Временный лагерь под Белостоком был огромным, вытоптанным полем, наскоро обнесенным колючей проволокой, натянутой меж врытых столбов. На земляных насыпях по периметру зловеще высились пулеметные гнезда. Внутри этого гигантского загона бушевало море человеческого горя – тысячи красноармейцев, сметенных первыми днями катастрофы. Серые и защитные гимнастерки слились в пятно грязи, крови и изнеможения. Воздух гудел от стонов, перемешанных с едкой вонью нечистот, пота и тления.
Павла и его товарищей втолкнули в эту толчею, и деревянные ворота из грубых, нестроганых досок с глухим стуком захлопнулись за спинами. Он стоял, оглушенный масштабом страдания, теряясь среди моря запавших глаз и землистых лиц. Конвоиры, с хриплыми от крика голосами, тыкали прикладами, заставляя садиться на голую землю.

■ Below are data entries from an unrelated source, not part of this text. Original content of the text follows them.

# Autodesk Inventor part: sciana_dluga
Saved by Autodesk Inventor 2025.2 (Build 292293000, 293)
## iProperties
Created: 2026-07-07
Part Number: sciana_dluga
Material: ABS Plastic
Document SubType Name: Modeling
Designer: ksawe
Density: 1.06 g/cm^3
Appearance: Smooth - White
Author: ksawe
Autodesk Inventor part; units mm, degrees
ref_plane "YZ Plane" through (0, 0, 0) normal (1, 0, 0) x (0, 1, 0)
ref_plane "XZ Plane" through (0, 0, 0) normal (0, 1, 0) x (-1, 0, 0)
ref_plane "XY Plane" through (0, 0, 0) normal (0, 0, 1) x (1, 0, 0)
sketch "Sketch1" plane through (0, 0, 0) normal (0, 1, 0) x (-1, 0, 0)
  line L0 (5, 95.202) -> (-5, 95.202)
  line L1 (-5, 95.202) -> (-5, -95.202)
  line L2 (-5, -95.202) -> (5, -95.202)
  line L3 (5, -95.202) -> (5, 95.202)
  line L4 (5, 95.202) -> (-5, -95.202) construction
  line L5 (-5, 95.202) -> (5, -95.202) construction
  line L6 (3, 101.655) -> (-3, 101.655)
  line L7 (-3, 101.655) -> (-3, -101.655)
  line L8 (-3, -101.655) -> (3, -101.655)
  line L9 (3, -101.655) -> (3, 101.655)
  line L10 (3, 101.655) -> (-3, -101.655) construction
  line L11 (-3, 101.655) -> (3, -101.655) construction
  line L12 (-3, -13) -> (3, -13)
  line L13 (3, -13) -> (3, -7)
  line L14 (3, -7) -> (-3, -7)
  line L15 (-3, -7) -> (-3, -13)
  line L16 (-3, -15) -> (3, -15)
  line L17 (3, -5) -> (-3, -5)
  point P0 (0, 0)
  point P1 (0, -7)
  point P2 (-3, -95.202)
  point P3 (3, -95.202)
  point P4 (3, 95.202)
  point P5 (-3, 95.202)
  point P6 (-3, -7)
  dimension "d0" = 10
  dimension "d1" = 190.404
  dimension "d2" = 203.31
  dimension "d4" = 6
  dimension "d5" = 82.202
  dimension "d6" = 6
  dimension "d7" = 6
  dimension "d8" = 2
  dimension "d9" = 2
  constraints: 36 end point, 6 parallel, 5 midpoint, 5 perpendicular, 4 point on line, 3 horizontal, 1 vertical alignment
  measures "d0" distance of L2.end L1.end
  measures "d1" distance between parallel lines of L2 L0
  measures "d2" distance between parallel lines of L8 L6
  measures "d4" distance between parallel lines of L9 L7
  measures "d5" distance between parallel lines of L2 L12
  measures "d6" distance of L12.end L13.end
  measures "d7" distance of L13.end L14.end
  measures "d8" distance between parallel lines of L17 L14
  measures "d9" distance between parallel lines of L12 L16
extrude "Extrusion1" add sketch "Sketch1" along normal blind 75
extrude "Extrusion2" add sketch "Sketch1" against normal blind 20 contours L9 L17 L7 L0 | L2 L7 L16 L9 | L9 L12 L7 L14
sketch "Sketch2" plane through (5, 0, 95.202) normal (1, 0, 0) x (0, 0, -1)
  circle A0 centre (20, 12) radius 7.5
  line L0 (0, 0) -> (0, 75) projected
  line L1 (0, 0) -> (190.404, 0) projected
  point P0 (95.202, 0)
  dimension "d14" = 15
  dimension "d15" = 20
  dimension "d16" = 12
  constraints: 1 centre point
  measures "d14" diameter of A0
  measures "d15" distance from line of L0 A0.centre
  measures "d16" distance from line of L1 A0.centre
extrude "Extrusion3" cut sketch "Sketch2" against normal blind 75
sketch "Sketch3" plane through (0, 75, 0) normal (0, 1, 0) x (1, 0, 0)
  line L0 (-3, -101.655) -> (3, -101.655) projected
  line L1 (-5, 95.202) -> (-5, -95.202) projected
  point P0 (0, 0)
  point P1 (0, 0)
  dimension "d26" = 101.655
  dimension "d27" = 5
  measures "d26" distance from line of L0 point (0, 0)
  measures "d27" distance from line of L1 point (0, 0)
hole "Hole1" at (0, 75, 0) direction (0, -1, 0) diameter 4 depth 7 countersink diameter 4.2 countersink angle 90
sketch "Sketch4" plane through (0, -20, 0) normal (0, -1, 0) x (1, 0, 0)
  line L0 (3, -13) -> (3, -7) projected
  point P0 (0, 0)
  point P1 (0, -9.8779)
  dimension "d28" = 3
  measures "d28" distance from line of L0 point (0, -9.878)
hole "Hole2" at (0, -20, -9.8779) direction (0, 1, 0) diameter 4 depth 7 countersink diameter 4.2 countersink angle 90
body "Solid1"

Кормежка – раз в сутки, если повезет: котелок мутной жижи с желтыми ломтями брюквы да кусок липкого, заплесневелого хлеба, отдираемого от пальцев. Вода, драгоценная и редкая, черпалась из ржавых бочек, покрытых зеленой пленкой. Ее не хватало даже смочить пересохшее горло. Люди тихо умирали каждый день, а их тела складывали штабелями у ворот и увозили на подводах. Павел нашел место у самого края, подальше от зловонных отхожих ям. Он сидел, прижавшись спиной к столбу ограждения, стискивая кулаки до побеления костяшек. Слухи, зловещие и неумолимые, витали в спертом воздухе: «Гродно взято… Минск пал… Немцы у Березины…». Каждая весть обжигала, как раскаленный уголь, напоминая о доме, о матери Агафье, о Мишке где-то там, в открытой врагу Смоленщине. Он был один. Надо было выжить.
Спустя две недели этого кошмара их погнали к станции. Там ждал товарный поезд с вагонами для перевозки скота. Людей впихнули внутрь так, что кости трещали под давлением тел. Темнота. Духота. Невыносимая вонь немытых тел, испражнений, страха. Дыра в полу – единственное «удобство». Двери захлопнулись, щелкнули засовы. Поезд медленно тронулся. Кормили крохами – горсть черствых сухарей через решетку раз в два дня. Воды – глоток, язык прилипал к небу. В этом гробу на колесах люди сходили с ума, бились в конвульсиях или затихали навсегда. Тела не убирали. Павел стоял, прижатый к шершавой стенке. Ярость и тоска сплелись в тугой узел под грудиной. Ритм колес выстукивал: «Смо-лен-щи-на... Смо-лен-щи-на...».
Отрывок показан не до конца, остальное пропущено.